◆ **MATERIAL FOR THE TASK**:
----
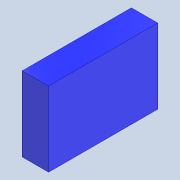
# Autodesk Inventor part: Mangas_soporte_molde
Saved by Autodesk Inventor 2021 (Build 250183000, 183)
## iProperties
Created: 2021-04-17
Part Number: Mangas_soporte_molde
Material: Genérico
Document SubType Name: Modeling
Designer: Admin
Density: 1 g/cm^3
Appearance: Azul - Pintura mural - Brillante
Author: Admin
Autodesk Inventor part; units mm, degrees
ref_plane "YZ Plane" through (0, 0, 0) normal (1, 0, 0) x (0, 1, 0)
ref_plane "XZ Plane" through (0, 0, 0) normal (0, 1, 0) x (-1, 0, 0)
ref_plane "XY Plane" through (0, 0, 0) normal (0, 0, 1) x (1, 0, 0)
sketch "Boceto1" plane through (0, 0, 0) normal (0, 0, 1) x (1, 0, 0)
  line L0 (0, 0) -> (6.4, 0)
  line L1 (6.4, 0) -> (6.4, 25.4)
  line L2 (6.4, 25.4) -> (0, 25.4)
  line L3 (0, 25.4) -> (0, 0)
  line L4 (-2, 0) -> (-2, 27.4)
  line L5 (-2, 27.4) -> (8.4, 27.4)
  line L6 (8.4, 27.4) -> (8.4, -2)
  line L7 (8.4, -2) -> (-2, -2)
  line L8 (-2, -2) -> (-2, 0)
  dimension "d0" = 6.4
  dimension "d1" = 25.4
  dimension "d2" = 2
  dimension "d3" = 27.4
  dimension "d4" = 10.4
  dimension "d5" = 29.4
  constraints: 18 end point, 5 perpendicular, 2 parallel, 1 horizontal, 1 point on line, 1 vertical
  measures "d0" distance of L2.end L1.end
  measures "d1" distance of L1.end L0.end
  measures "d2" distance of L0.start L4.start
  measures "d3" distance of L4.start L4.end
  measures "d4" distance of L4.end L5.end
  measures "d5" distance of L5.end L6.end
extrude "Extrusión1" add sketch "Boceto1" along normal blind 41
sketch "Boceto2" plane through (0, 0, 41) normal (0, 0, 1) x (1, 0, 0)
  line L0 (-2, -2) -> (8.4, -2) projected
  line L1 (-2, -2) -> (8.4, -2)
  line L2 (8.4, -2) -> (8.4, 27.4)
  line L3 (8.4, 27.4) -> (-2, 27.4)
  line L4 (-2, 27.4) -> (-2, -2)
  point P0 (0, 0)
  constraints: 8 end point, 2 parallel, 1 horizontal, 1 perpendicular
extrude "Extrusión2" add sketch "Boceto2" along normal blind 2
----
Print the lines from the beginning of the records up to and including the line containing "of L2.end L1.end", word for word, with no pictures.

# Autodesk Inventor part: Mangas_soporte_molde
Saved by Autodesk Inventor 2021 (Build 250183000, 183)
## iProperties
Created: 2021-04-17
Part Number: Mangas_soporte_molde
Material: Genérico
Document SubType Name: Modeling
Designer: Admin
Density: 1 g/cm^3
Appearance: Azul - Pintura mural - Brillante
Author: Admin
Autodesk Inventor part; units mm, degrees
ref_plane "YZ Plane" through (0, 0, 0) normal (1, 0, 0) x (0, 1, 0)
ref_plane "XZ Plane" through (0, 0, 0) normal (0, 1, 0) x (-1, 0, 0)
ref_plane "XY Plane" through (0, 0, 0) normal (0, 0, 1) x (1, 0, 0)
sketch "Boceto1" plane through (0, 0, 0) normal (0, 0, 1) x (1, 0, 0)
  line L0 (0, 0) -> (6.4, 0)
  line L1 (6.4, 0) -> (6.4, 25.4)
  line L2 (6.4, 25.4) -> (0, 25.4)
  line L3 (0, 25.4) -> (0, 0)
  line L4 (-2, 0) -> (-2, 27.4)
  line L5 (-2, 27.4) -> (8.4, 27.4)
  line L6 (8.4, 27.4) -> (8.4, -2)
  line L7 (8.4, -2) -> (-2, -2)
  line L8 (-2, -2) -> (-2, 0)
  dimension "d0" = 6.4
  dimension "d1" = 25.4
  dimension "d2" = 2
  dimension "d3" = 27.4
  dimension "d4" = 10.4
  dimension "d5" = 29.4
  constraints: 18 end point, 5 perpendicular, 2 parallel, 1 horizontal, 1 point on line, 1 vertical
  measures "d0" distance of L2.end L1.end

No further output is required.